Uncovering Patterns and Anomalies in Manufacturing Data

INFO 523 - Final Project

Project description

Author

Affiliation

Cesar Castro

College of Information Science, University of Arizona

Project Description:

Uncovering Patterns and Anomalies in Manufacturing Data

🎯Goals:

The construction of modern factories is resulting in the generation of vast amounts of data. Manufacturing equipment continuously monitors various parameters, such as temperatures, vibrations, motor speeds, and energy consumption, using sensors and other methods. Variations in these parameters can indicate shifts in performance, potentially leading to defects or catastrophic failures in the equipment. Detecting these shifts has become increasingly important to reduce downtime and boost productivity.

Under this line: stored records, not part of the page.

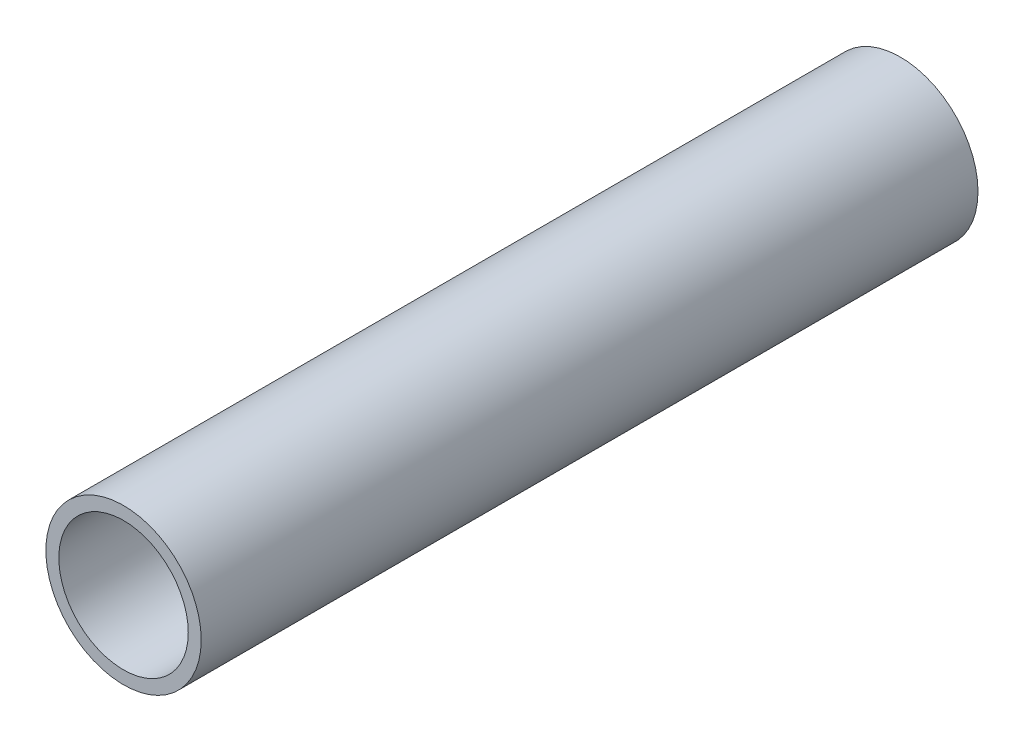
from build123d import *

# Parameters (mm, degrees)
SKETCH1_R           = 3
SKETCH1_R_2         = 2.5
BOSS_EXTRUDE1_DEPTH = 30


with BuildPart() as part:
    # Sketch1 → Boss-Extrude1 (new body)
    with BuildSketch(Plane.XY):
        Circle(SKETCH1_R)
        Circle(SKETCH1_R_2, mode=Mode.SUBTRACT)
    extrude(amount=BOSS_EXTRUDE1_DEPTH)


solid = part.part

Advanced techniques such as machine learning, anomaly detection, and image analysis are currently being utilized to forecast when equipment might require maintenance, calibration, or material changes. This project aims to leverage synthetic public data from Kaggle to compare various classification and regression models, with the objective of predicting these critical events. If time allows, we will also explore anomaly detection techniques on time series data to predict potential failures as early as possible.

📊Proposed Datasets:

Source: Kaggle - Machine Predictive Maintenance Classification (Synthetic dataset that reflects real predictive maintenance encountered in the industry)

Data Example:

	UDI	Product ID	Type	Air temperature [K]	Process temperature [K]	Rotational speed [rpm]	Torque [Nm]	Tool wear [min]	Failure Type
0	1	M14860	M	298.1	308.6	1551	42.8	0	No Failure
1	2	L47181	L	298.2	308.7	1408	46.3	3	No Failure
2	3	L47182	L	298.1	308.5	1498	49.4	5	No Failure
3	4	L47183	L	298.2	308.6	1433	39.5	7	No Failure
4	5	L47184	L	298.2	308.7	1408	40.0	9	No Failure

Source: Kaggle - Intelligent Manufacturing Dataset (The Intelligent Manufacturing Dataset for Predictive Optimization is a dataset designed for research in smart manufacturing, AI-driven process optimization, and predictive maintenance)

Data Example:

	Timestamp	Machine_ID	Operation_Mode	Temperature_C	Vibration_Hz	Power_Consumption_kW	Network_Latency_ms	Packet_Loss_%	Quality_Control_Defect_Rate_%	Production_Speed_units_per_hr	Predictive_Maintenance_Score	Error_Rate_%	Efficiency_Status
0	2024-01-01 00:00:00	39	Idle	74.137590	3.500595	8.612162	10.650542	0.207764	7.751261	477.657391	0.344650	14.965470	Low
1	2024-01-01 00:01:00	29	Active	84.264558	3.355928	2.268559	29.111810	2.228464	4.989172	398.174747	0.769848	7.678270	Low
2	2024-01-01 00:02:00	15	Active	44.280102	2.079766	6.144105	18.357292	1.639416	0.456816	108.074959	0.987086	8.198391	Low
3	2024-01-01 00:03:00	43	Active	40.568502	0.298238	4.067825	29.153629	1.161021	4.582974	329.579410	0.983390	2.740847	Medium
4	2024-01-01 00:04:00	8	Idle	75.063817	0.345810	6.225737	34.029191	4.796520	2.287716	159.113525	0.573117	12.100686	Low

🗓️Project Schedule

Week 1.

Definition of problem statement and goals
Plan to incorporate peer review feedback into project plan
Data cleaning. (handling missing, outliers, define imputation methods).
Define key response on the datasets, depending on the model (might want to look like defects pass/fail) for a classification model or defect rate for a regression model.

Week 2.

Analyze features (use PCA or others to understand which features contribute more the variability, etc.)
Classification Model Creation and Validation
Regression Model Creation and Validation
Comparing models and recommend the best one.

Week 3:

Assess anomaly detection and recommend future possible next steps.
Prepare final report and presentation

📁Project Organization

| FINAL-PROJECT-CASTRO
| — 📁DATA: # Raw Data files obtained from Kaggle source in CSV format.
| ______|—- 📁processed: # Cleaned and processed datasets
| ______|—- 📁results: # model evaluation and other results
| — 📁IMAGES: # Any images to be used by quarto site
| — 📁presentation_files: # Quarto presentation files
| — 📁extra: # Additional documents or files used on project
| — 📁quarto: # quarto files
| — 📁src: # source code used for project
| — 📁.github: # github configuration files
| – 📄requirements.txt: # Python Dependencies
| – 📄_quarto.yml # quarto metadata and configuration
| – 📄.gitignore # list of files and directories to be ignore by Git
| – 📄about.qmd # Quarto about page with general information about the project
| – 📄presentation.qmd # Quarto final project presentation
| – 📄proposal.qmd # Project Problem statement and proposal
| – 📄README.md # main read me file for git.